Start of Block

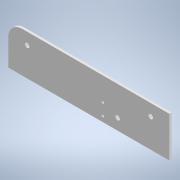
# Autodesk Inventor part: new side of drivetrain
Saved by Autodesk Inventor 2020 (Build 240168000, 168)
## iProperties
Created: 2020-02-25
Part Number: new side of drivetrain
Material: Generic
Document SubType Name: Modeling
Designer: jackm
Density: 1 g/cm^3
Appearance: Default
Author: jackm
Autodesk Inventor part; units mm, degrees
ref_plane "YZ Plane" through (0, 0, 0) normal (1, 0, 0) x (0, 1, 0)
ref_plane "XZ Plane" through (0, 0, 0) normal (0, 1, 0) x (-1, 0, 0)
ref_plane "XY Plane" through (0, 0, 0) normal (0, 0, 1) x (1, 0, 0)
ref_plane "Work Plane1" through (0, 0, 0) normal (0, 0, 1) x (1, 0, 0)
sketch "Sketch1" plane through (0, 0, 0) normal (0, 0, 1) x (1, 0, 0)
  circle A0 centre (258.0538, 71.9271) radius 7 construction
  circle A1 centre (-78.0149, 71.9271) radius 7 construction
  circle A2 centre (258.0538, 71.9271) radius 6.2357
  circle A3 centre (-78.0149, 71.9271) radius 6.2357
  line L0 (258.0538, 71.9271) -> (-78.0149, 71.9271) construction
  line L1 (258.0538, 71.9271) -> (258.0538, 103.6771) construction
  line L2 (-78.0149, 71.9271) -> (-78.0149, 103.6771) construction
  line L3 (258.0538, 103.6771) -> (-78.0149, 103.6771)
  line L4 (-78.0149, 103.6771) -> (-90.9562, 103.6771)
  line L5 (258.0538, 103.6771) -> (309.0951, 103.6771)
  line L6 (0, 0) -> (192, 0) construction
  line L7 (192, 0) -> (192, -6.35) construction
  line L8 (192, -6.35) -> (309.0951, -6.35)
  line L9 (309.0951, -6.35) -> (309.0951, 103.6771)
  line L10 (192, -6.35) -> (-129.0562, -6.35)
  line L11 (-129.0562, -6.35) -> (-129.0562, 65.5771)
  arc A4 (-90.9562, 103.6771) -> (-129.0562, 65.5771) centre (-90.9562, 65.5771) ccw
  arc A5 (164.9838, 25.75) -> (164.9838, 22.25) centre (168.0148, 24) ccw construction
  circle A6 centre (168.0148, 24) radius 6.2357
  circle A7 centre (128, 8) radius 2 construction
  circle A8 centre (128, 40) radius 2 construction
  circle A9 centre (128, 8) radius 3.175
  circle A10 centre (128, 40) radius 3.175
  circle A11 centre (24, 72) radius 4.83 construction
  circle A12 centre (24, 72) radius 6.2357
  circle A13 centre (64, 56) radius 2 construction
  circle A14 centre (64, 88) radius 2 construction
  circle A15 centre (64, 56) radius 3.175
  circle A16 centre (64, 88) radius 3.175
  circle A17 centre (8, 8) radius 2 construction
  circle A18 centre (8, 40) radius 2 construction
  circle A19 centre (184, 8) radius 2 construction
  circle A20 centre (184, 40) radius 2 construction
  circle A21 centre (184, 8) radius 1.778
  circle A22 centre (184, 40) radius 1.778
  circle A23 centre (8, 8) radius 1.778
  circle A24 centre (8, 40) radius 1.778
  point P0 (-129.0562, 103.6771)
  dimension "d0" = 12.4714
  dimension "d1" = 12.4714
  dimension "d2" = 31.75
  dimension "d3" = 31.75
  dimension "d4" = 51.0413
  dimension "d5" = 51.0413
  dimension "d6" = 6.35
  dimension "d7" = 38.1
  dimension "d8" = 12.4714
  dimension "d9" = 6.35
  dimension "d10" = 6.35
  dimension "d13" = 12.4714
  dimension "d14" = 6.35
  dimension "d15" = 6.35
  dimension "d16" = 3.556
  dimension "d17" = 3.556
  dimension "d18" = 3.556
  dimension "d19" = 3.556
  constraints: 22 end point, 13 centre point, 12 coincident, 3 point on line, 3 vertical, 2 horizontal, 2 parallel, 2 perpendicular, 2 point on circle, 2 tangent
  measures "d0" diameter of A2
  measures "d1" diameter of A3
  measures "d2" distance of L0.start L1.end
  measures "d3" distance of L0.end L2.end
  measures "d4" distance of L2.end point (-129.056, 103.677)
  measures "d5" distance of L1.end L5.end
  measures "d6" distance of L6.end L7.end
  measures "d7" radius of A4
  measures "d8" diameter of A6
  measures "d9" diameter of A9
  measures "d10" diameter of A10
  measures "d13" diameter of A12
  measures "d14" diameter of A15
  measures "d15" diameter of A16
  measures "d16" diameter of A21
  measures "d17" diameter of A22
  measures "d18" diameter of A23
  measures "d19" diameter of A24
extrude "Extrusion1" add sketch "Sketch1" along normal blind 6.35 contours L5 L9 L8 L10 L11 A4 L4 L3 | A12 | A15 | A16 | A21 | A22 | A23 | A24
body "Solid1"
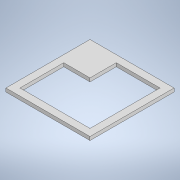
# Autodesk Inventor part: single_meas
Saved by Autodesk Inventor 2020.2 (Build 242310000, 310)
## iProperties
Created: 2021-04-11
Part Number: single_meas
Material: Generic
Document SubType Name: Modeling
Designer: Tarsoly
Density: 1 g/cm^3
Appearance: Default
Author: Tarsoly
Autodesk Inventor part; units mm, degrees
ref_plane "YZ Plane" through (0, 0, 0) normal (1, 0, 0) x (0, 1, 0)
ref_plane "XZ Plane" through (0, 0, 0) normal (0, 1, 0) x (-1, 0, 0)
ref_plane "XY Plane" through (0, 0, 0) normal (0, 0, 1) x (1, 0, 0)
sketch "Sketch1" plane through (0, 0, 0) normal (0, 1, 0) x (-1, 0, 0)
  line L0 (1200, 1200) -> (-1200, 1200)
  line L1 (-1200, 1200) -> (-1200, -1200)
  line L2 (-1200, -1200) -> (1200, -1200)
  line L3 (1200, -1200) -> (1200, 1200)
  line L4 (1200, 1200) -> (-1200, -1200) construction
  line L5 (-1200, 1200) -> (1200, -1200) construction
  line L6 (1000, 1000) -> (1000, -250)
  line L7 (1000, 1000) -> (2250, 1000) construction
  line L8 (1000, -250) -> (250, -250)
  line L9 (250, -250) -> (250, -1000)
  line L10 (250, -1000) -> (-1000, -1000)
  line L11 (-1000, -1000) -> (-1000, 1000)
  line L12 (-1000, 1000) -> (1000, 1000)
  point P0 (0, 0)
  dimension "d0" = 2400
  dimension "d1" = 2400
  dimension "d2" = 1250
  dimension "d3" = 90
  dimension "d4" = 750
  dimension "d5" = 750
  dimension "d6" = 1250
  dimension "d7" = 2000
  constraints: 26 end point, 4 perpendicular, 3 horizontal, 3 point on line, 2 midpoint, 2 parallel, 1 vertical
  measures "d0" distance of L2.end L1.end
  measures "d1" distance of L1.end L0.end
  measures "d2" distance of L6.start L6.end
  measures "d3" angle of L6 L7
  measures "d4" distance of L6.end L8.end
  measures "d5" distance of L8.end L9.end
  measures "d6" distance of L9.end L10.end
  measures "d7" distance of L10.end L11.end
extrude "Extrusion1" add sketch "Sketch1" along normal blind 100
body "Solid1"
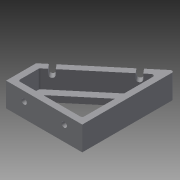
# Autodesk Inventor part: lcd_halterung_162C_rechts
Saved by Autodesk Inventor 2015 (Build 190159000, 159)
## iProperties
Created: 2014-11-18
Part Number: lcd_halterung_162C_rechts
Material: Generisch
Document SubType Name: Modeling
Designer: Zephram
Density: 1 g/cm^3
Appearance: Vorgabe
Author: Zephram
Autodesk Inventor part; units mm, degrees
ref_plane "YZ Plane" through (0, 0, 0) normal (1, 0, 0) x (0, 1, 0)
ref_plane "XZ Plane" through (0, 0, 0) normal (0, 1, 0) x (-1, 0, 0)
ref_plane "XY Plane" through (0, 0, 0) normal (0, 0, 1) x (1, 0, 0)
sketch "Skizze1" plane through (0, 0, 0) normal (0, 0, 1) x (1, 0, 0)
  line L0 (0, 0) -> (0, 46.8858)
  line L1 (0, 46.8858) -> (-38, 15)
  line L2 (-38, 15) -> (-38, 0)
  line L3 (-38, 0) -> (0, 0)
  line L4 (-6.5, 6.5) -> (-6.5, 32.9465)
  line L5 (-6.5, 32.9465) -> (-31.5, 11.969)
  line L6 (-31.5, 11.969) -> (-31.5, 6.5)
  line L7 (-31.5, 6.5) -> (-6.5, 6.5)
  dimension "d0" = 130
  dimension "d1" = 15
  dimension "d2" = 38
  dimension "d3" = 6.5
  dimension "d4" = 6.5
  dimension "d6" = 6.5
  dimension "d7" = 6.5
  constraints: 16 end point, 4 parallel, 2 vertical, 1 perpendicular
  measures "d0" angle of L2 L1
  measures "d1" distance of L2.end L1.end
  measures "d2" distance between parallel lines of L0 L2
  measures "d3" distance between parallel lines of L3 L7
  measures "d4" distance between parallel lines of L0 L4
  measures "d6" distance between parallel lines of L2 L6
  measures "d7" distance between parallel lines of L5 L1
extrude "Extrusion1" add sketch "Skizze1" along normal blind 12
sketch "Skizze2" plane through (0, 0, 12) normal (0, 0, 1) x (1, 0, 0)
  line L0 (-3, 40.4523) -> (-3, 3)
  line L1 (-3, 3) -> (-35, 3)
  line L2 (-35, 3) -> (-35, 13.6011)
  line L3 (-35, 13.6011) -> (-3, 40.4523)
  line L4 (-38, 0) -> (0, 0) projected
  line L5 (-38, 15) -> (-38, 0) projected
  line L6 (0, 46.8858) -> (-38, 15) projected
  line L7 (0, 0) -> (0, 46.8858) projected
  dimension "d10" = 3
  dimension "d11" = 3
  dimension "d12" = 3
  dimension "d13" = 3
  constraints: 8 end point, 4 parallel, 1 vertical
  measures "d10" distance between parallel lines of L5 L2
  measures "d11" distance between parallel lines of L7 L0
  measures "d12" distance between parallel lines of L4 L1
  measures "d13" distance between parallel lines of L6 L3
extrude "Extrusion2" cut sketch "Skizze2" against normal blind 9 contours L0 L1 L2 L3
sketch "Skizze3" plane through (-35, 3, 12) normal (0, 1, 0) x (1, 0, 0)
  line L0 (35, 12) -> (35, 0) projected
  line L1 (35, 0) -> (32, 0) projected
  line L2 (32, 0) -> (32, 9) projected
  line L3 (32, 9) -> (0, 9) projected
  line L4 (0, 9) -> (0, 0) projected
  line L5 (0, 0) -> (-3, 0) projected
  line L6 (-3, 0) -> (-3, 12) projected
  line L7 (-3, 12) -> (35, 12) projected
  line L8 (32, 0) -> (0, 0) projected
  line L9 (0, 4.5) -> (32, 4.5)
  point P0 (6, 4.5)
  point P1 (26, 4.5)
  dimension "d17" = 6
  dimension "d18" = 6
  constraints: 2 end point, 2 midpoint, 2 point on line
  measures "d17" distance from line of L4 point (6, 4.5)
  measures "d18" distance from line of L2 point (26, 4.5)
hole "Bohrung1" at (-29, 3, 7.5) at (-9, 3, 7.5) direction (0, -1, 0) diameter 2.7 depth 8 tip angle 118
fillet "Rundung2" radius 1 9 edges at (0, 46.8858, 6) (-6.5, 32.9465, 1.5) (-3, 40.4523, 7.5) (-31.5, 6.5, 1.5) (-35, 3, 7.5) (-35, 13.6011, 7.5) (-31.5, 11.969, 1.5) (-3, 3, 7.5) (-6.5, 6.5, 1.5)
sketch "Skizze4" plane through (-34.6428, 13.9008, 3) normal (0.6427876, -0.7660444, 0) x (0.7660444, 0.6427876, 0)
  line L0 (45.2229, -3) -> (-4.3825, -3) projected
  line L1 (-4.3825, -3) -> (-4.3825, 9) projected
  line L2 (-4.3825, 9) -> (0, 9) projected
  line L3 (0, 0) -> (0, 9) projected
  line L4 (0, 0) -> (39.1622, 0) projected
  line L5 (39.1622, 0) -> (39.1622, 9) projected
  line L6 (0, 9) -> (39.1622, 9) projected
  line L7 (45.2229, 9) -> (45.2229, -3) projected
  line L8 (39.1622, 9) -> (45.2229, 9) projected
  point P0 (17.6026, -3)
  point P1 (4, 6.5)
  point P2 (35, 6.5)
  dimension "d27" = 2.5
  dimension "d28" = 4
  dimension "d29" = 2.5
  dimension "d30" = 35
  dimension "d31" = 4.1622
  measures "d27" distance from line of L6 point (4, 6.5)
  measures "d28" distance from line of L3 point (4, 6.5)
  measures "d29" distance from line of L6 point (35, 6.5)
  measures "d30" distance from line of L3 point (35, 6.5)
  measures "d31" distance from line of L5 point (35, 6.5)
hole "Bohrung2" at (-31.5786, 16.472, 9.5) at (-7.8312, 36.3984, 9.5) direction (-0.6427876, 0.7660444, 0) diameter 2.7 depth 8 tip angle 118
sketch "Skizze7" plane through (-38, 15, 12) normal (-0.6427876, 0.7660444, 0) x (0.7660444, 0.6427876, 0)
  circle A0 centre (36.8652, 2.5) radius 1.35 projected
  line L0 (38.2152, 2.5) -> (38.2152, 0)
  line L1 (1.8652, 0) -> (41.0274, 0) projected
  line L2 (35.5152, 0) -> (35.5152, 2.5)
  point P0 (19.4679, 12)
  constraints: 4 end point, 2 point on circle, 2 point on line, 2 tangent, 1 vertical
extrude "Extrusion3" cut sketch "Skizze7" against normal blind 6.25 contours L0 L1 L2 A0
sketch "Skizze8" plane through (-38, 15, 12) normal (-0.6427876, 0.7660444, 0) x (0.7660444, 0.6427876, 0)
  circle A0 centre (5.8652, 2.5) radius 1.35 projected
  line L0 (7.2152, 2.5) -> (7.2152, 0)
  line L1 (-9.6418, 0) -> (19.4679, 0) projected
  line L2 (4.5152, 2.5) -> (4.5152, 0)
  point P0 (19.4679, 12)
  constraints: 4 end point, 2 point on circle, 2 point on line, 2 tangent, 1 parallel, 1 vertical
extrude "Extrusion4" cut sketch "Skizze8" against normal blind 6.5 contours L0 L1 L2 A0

End of Block

- **Activity**: Only one stretch of the listing above is to be duplicated: the lines from the one containing "of L6.end L7.end" through the one containing "line L0 (1200, 1200) -> (-1200, 1200)", both included. Copy them exactly, minus the pictures.

- **Exercise answer**:
  measures "d6" distance of L6.end L7.end
  measures "d7" radius of A4
  measures "d8" diameter of A6
  measures "d9" diameter of A9
  measures "d10" diameter of A10
  measures "d13" diameter of A12
  measures "d14" diameter of A15
  measures "d15" diameter of A16
  measures "d16" diameter of A21
  measures "d17" diameter of A22
  measures "d18" diameter of A23
  measures "d19" diameter of A24
extrude "Extrusion1" add sketch "Sketch1" along normal blind 6.35 contours L5 L9 L8 L10 L11 A4 L4 L3 | A12 | A15 | A16 | A21 | A22 | A23 | A24
body "Solid1"
# Autodesk Inventor part: single_meas
Saved by Autodesk Inventor 2020.2 (Build 242310000, 310)
## iProperties
Created: 2021-04-11
Part Number: single_meas
Material: Generic
Document SubType Name: Modeling
Designer: Tarsoly
Density: 1 g/cm^3
Appearance: Default
Author: Tarsoly
Autodesk Inventor part; units mm, degrees
ref_plane "YZ Plane" through (0, 0, 0) normal (1, 0, 0) x (0, 1, 0)
ref_plane "XZ Plane" through (0, 0, 0) normal (0, 1, 0) x (-1, 0, 0)
ref_plane "XY Plane" through (0, 0, 0) normal (0, 0, 1) x (1, 0, 0)
sketch "Sketch1" plane through (0, 0, 0) normal (0, 1, 0) x (-1, 0, 0)
  line L0 (1200, 1200) -> (-1200, 1200)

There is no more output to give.